PROBLEM STATEMENT:
In full and exactly, reproduce the entries below, but omit the pictures.

[Stored records]

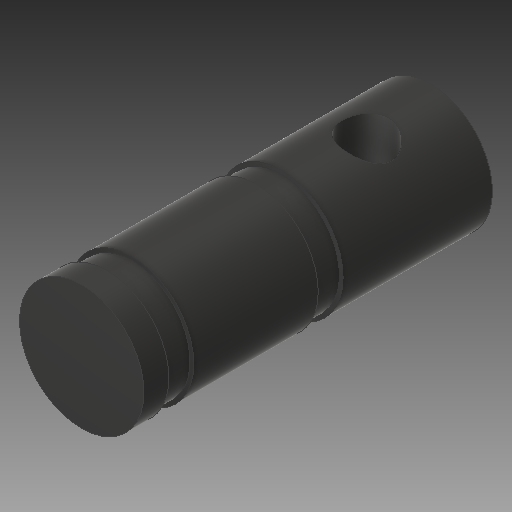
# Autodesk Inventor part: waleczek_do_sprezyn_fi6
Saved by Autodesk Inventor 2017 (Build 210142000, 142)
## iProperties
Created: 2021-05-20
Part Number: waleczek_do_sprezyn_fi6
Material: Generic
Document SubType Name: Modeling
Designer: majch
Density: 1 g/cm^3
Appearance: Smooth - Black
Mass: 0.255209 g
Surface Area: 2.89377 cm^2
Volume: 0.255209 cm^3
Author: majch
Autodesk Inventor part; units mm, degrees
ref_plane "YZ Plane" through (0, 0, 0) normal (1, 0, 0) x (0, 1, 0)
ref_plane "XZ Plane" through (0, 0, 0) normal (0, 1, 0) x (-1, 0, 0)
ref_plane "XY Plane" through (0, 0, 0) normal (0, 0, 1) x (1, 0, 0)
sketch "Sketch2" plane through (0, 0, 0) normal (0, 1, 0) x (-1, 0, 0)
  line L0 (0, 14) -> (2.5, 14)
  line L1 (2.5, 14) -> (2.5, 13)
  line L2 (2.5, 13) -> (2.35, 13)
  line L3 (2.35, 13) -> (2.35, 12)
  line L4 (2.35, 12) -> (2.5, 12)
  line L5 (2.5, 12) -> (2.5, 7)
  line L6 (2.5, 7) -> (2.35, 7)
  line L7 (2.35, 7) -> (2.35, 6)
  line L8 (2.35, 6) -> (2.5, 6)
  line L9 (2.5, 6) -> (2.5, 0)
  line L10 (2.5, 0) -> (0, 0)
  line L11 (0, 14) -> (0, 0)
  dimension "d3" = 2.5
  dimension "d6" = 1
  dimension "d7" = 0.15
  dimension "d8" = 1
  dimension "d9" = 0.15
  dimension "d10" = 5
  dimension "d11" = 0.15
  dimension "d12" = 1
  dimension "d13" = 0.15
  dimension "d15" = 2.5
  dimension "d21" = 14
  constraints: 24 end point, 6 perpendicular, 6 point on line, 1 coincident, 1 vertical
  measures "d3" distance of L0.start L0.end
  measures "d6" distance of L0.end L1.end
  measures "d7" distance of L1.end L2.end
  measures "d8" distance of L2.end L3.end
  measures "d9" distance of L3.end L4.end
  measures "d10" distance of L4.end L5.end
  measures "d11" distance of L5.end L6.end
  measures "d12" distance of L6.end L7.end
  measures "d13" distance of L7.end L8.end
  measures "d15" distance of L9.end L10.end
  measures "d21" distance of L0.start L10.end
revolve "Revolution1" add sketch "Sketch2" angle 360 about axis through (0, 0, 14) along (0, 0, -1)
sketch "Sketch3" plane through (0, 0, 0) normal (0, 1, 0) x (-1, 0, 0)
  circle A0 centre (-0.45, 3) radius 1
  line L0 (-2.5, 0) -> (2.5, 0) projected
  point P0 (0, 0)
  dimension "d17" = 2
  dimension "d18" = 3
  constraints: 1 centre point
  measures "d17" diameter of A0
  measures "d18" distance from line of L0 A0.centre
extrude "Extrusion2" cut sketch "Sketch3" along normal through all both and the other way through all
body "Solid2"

RESPONSE TO THE TASK:
# Autodesk Inventor part: waleczek_do_sprezyn_fi6
Saved by Autodesk Inventor 2017 (Build 210142000, 142)
## iProperties
Created: 2021-05-20
Part Number: waleczek_do_sprezyn_fi6
Material: Generic
Document SubType Name: Modeling
Designer: majch
Density: 1 g/cm^3
Appearance: Smooth - Black
Mass: 0.255209 g
Surface Area: 2.89377 cm^2
Volume: 0.255209 cm^3
Author: majch
Autodesk Inventor part; units mm, degrees
ref_plane "YZ Plane" through (0, 0, 0) normal (1, 0, 0) x (0, 1, 0)
ref_plane "XZ Plane" through (0, 0, 0) normal (0, 1, 0) x (-1, 0, 0)
ref_plane "XY Plane" through (0, 0, 0) normal (0, 0, 1) x (1, 0, 0)
sketch "Sketch2" plane through (0, 0, 0) normal (0, 1, 0) x (-1, 0, 0)
  line L0 (0, 14) -> (2.5, 14)
  line L1 (2.5, 14) -> (2.5, 13)
  line L2 (2.5, 13) -> (2.35, 13)
  line L3 (2.35, 13) -> (2.35, 12)
  line L4 (2.35, 12) -> (2.5, 12)
  line L5 (2.5, 12) -> (2.5, 7)
  line L6 (2.5, 7) -> (2.35, 7)
  line L7 (2.35, 7) -> (2.35, 6)
  line L8 (2.35, 6) -> (2.5, 6)
  line L9 (2.5, 6) -> (2.5, 0)
  line L10 (2.5, 0) -> (0, 0)
  line L11 (0, 14) -> (0, 0)
  dimension "d3" = 2.5
  dimension "d6" = 1
  dimension "d7" = 0.15
  dimension "d8" = 1
  dimension "d9" = 0.15
  dimension "d10" = 5
  dimension "d11" = 0.15
  dimension "d12" = 1
  dimension "d13" = 0.15
  dimension "d15" = 2.5
  dimension "d21" = 14
  constraints: 24 end point, 6 perpendicular, 6 point on line, 1 coincident, 1 vertical
  measures "d3" distance of L0.start L0.end
  measures "d6" distance of L0.end L1.end
  measures "d7" distance of L1.end L2.end
  measures "d8" distance of L2.end L3.end
  measures "d9" distance of L3.end L4.end
  measures "d10" distance of L4.end L5.end
  measures "d11" distance of L5.end L6.end
  measures "d12" distance of L6.end L7.end
  measures "d13" distance of L7.end L8.end
  measures "d15" distance of L9.end L10.end
  measures "d21" distance of L0.start L10.end
revolve "Revolution1" add sketch "Sketch2" angle 360 about axis through (0, 0, 14) along (0, 0, -1)
sketch "Sketch3" plane through (0, 0, 0) normal (0, 1, 0) x (-1, 0, 0)
  circle A0 centre (-0.45, 3) radius 1
  line L0 (-2.5, 0) -> (2.5, 0) projected
  point P0 (0, 0)
  dimension "d17" = 2
  dimension "d18" = 3
  constraints: 1 centre point
  measures "d17" diameter of A0
  measures "d18" distance from line of L0 A0.centre
extrude "Extrusion2" cut sketch "Sketch3" along normal through all both and the other way through all
body "Solid2"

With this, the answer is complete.